Criteria for finite time blow up for a system of Klein-Gordon equations

TL;DR

This paper establishes three criteria based on initial data that determine whether solutions to certain Klein-Gordon systems in three dimensions blow up in finite time, using energy and potential well methods.

Contribution

It introduces new conditions for finite-time blow-up in Klein-Gordon systems, including cases with arbitrarily large energy, and classifies initial data below ground state energy.

Findings

Negative energy initial data lead to blow-up.

Positive energy data can also cause blow-up under certain conditions.

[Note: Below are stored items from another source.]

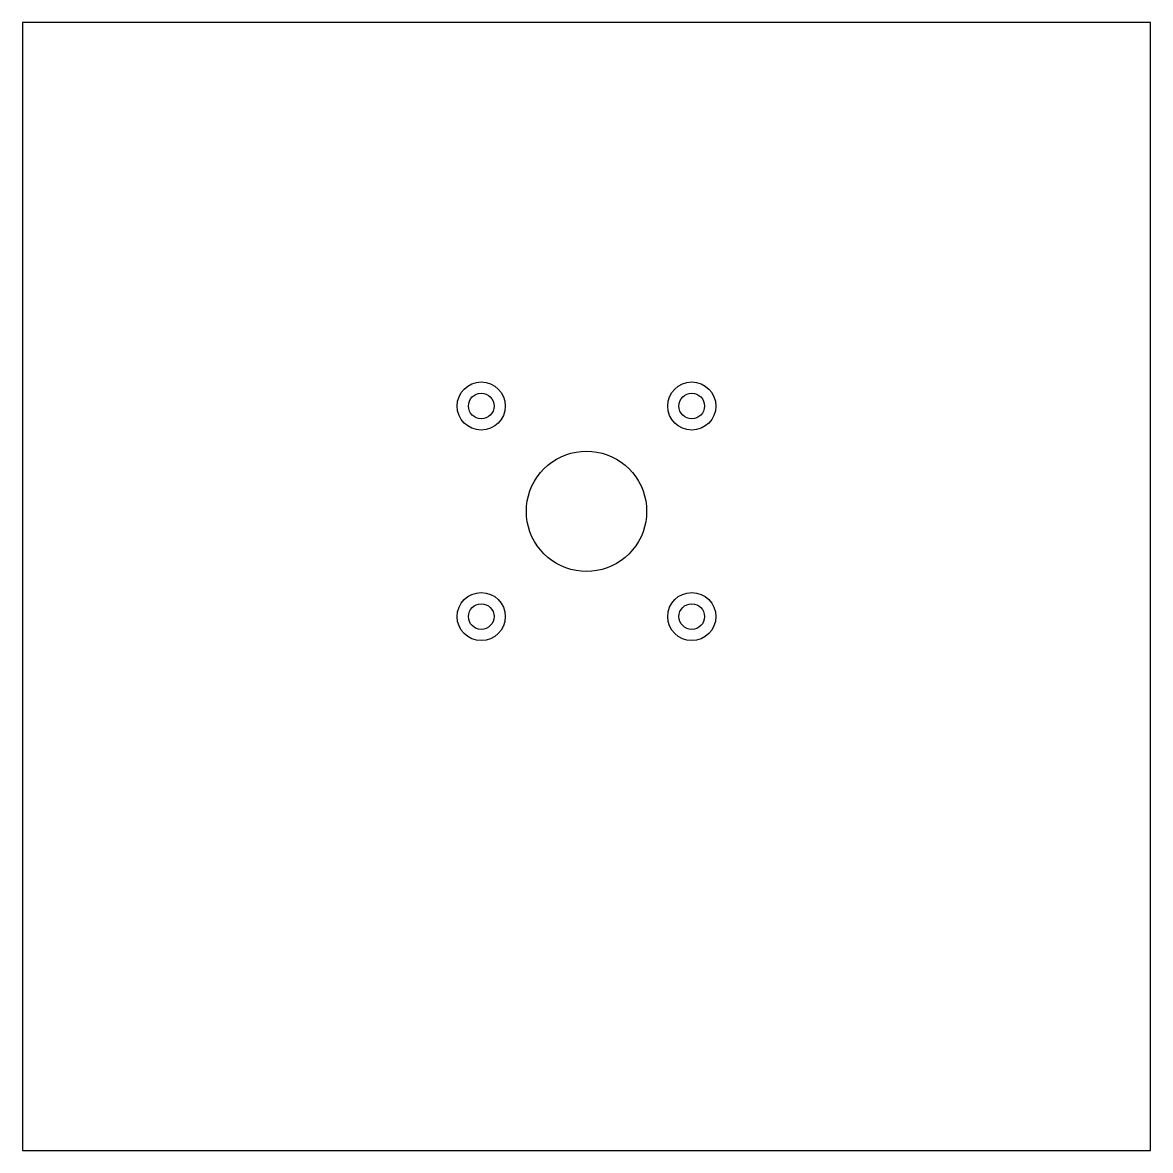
# Model space of a CAD drawing. Header units: millimetres. Extents: x 0 to 150, y 0 to 150.
import ezdxf

# ---------------------------------------------------------------- set-up
doc = ezdxf.new("R2010")
doc.units = ezdxf.units.MM
for name, color, linetype in [('COUNTERSINK', 3, 'CONTINUOUS'), ('CUT', 7, 'CONTINUOUS'), ('DRILL', 1, 'CONTINUOUS')]:
    doc.layers.add(name, color=color, linetype=linetype)

msp = doc.modelspace()

# ---------------------------------------------------------------- linework, layer by layer
at = {"layer": 'COUNTERSINK'}
for centre in [(61, 99), (89, 99), (61, 71), (89, 71)]:
    msp.add_circle(centre, 3.2, dxfattribs=at)
at = {"layer": 'CUT'}
for points in [[(150, 150), (0, 150), (0, 0), (150, 0)], [(74.3027, 77.0305), (73.6108, 77.1216), (72.9294, 77.2726), (72.2639, 77.4825), (71.619, 77.7496), (70.9999, 78.0718), (70.4114, 78.4468), (69.8578, 78.8716), (69.3432, 79.3432), (68.8716, 79.8578), (68.4468, 80.4114), (68.0718, 80.9999), (67.7496, 81.619), (67.4825, 82.2639), (67.2726, 82.9294), (67.1216, 83.6108), (67.0305, 84.3027), (67, 85), (67.0305, 85.6973), (67.1216, 86.3892), (67.2726, 87.0706), (67.4825, 87.7361), (67.7496, 88.381), (68.0718, 89.0001), (68.4468, 89.5886), (68.8716, 90.1422), (69.3432, 90.6568), (69.8578, 91.1284), (70.4114, 91.5532), (70.9999, 91.9282), (71.619, 92.2504), (72.2639, 92.5175), (72.9294, 92.7274), (73.6108, 92.8784), (74.3027, 92.9695), (75, 93), (75.6973, 92.9695), (76.3892, 92.8784), (77.0706, 92.7274), (77.7361, 92.5175), (78.381, 92.2504), (79.0001, 91.9282), (79.5886, 91.5532), (80.1422, 91.1284), (80.6568, 90.6568), (81.1284, 90.1422), (81.5532, 89.5886), (81.9282, 89.0001), (82.2504, 88.381), (82.5175, 87.7361), (82.7274, 87.0706), (82.8784, 86.3892), (82.9695, 85.6973), (83, 85), (82.9695, 84.3027), (82.8784, 83.6108), (82.7274, 82.9294), (82.5175, 82.2639), (82.2504, 81.619), (81.9282, 80.9999), (81.5532, 80.4114), (81.1284, 79.8578), (80.6568, 79.3432), (80.1422, 78.8716), (79.5886, 78.4468), (79.0001, 78.0718), (78.381, 77.7496), (77.7361, 77.4825), (77.0706, 77.2726), (76.3892, 77.1216), (75.6973, 77.0305), (75, 77)]]:
    msp.add_lwpolyline(points, close=True, dxfattribs=at)
at = {"layer": 'DRILL'}
for centre in [(61, 99), (89, 99), (61, 71), (89, 71)]:
    msp.add_circle(centre, 1.7, dxfattribs=at)

doc.saveas('drawing.dxf')

Data below ground state energy are classified into blow-up or global solutions.

Abstract

We give three conditions on initial data for the blowing up of the corresponding solutions to some system of Klein-Gordon equations on the three dimensional Euclidean space. We first use Levine's concavity argument to show that the negativeness of energy leads to the blowing up of local solutions in finite time. For the data of positive energy, we give a sufficient condition so that the corresponding solution blows up in finite time. This condition embodies datum with arbitrarily large energy. At last we use Payne-Sattinger's potential well argument to classify the datum with energy not so large (to be exact, below the ground states) into two parts: one part consists of datum leading to blowing-up solutions in finite time, while the other part consists of datum that leads to the global solutions.